▶ [Exercise description]: Copy each line of the listing below where the word "subplot" turns up.

▶ [Supplied material]:
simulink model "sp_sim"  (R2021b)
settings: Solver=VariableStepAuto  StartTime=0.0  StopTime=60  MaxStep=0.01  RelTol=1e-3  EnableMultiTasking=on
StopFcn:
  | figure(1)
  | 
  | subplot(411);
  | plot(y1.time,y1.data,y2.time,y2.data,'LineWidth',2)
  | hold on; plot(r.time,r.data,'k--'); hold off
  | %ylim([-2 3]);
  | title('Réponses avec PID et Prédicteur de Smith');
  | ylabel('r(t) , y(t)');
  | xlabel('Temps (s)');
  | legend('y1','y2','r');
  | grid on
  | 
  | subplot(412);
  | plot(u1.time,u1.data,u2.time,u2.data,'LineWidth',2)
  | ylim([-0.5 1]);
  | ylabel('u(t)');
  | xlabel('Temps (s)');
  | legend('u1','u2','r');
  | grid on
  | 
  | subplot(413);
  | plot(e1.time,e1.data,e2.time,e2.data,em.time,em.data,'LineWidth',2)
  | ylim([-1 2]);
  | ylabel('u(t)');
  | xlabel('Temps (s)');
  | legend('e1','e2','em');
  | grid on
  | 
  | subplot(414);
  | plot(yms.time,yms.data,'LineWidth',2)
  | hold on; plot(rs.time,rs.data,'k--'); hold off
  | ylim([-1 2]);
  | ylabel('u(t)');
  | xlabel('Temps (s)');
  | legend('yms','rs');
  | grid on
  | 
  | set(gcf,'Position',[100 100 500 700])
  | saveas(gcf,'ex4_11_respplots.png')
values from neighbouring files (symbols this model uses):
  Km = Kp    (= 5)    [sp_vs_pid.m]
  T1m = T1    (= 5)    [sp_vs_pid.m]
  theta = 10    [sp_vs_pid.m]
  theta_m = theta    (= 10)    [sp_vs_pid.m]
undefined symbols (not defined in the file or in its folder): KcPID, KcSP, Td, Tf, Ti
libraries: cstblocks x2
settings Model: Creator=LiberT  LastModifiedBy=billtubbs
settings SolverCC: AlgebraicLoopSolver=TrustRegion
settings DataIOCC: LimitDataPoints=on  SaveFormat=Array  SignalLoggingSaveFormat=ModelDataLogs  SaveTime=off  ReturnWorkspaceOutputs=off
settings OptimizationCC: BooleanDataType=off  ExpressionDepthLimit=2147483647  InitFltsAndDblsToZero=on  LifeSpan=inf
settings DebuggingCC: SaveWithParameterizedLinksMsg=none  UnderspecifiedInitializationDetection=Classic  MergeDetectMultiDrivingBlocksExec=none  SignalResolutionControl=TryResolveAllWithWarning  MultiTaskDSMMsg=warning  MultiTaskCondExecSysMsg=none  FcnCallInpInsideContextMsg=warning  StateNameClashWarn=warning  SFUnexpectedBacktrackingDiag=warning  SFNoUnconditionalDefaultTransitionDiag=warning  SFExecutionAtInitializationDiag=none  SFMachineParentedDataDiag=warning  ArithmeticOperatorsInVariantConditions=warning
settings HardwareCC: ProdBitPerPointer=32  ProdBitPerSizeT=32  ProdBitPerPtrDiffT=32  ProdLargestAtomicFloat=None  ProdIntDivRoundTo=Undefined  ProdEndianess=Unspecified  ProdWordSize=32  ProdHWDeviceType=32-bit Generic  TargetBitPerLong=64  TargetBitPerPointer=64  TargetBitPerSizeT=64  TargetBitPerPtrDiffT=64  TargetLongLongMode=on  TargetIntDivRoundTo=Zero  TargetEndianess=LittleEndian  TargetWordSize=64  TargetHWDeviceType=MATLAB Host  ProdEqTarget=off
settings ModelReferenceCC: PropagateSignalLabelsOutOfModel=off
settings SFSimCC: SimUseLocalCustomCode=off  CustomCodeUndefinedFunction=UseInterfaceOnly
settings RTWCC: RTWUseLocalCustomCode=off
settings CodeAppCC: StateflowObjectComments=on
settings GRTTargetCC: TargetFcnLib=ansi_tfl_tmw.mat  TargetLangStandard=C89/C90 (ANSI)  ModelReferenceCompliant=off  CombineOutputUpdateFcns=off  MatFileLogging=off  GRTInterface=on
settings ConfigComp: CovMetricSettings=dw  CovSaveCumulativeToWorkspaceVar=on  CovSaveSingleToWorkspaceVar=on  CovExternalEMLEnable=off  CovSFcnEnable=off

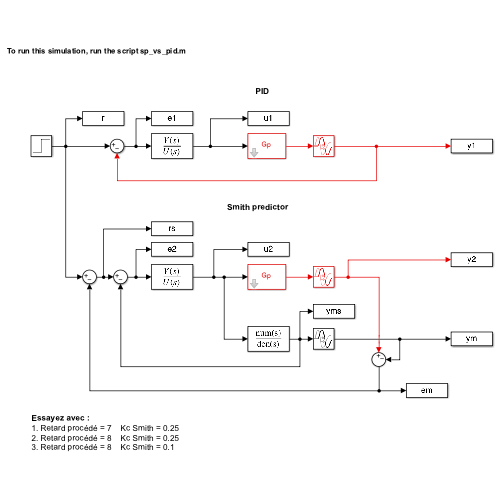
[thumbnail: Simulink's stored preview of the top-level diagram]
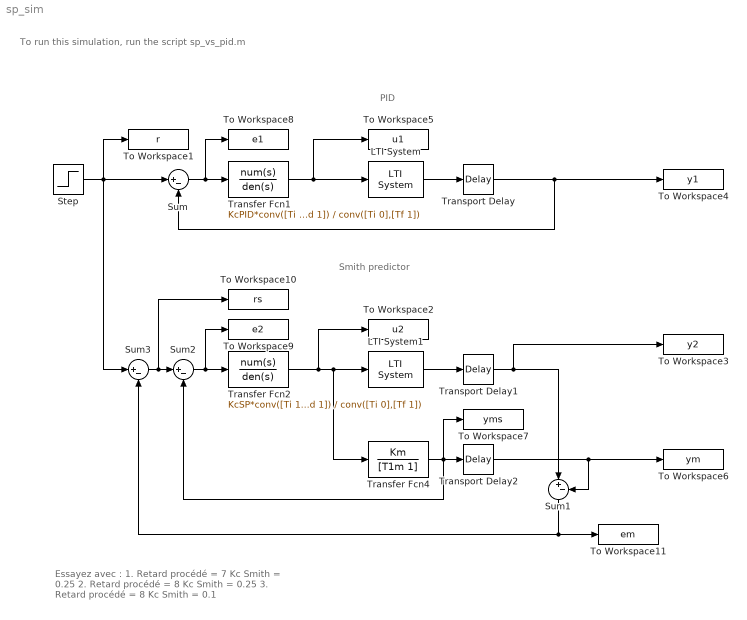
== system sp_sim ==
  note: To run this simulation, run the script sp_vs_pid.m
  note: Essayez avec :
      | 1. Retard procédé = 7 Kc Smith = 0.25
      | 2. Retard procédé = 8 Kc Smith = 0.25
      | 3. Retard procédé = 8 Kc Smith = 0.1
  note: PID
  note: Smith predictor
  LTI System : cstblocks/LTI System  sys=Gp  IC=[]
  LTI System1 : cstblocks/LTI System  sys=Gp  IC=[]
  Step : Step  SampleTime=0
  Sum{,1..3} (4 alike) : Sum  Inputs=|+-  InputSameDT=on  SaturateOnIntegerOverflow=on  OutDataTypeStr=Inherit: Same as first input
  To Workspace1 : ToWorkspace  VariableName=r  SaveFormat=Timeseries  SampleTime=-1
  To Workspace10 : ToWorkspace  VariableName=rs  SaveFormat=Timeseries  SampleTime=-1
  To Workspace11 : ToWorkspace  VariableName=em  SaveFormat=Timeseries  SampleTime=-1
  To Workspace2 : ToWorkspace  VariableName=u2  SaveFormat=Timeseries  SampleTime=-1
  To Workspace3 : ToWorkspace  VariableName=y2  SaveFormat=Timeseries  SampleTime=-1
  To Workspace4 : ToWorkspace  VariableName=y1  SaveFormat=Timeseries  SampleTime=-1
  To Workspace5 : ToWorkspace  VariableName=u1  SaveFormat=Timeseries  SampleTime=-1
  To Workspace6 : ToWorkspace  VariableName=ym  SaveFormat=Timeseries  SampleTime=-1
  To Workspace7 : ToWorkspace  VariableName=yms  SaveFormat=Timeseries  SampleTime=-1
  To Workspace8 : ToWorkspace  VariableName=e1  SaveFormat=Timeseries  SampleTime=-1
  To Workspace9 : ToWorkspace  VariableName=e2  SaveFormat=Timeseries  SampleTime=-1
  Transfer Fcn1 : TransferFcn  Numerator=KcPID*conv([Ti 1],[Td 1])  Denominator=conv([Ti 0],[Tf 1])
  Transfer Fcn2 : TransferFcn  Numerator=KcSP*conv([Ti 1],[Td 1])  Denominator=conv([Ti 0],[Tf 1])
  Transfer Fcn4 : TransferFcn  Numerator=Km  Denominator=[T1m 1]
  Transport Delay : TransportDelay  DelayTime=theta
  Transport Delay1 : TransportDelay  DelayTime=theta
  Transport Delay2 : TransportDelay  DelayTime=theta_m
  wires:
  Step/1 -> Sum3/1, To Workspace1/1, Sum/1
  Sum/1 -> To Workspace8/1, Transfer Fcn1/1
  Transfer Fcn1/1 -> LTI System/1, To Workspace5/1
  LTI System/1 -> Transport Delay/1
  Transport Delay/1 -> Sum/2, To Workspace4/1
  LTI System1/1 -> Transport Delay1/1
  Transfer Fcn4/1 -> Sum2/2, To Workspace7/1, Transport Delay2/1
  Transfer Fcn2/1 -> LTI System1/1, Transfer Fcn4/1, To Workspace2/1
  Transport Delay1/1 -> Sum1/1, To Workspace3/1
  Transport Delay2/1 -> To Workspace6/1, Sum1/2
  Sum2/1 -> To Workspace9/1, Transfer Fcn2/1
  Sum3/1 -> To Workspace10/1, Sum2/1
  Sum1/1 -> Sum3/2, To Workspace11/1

▶ [Result of this exercise]:
  | subplot(411);
  | subplot(412);
  | subplot(413);
  | subplot(414);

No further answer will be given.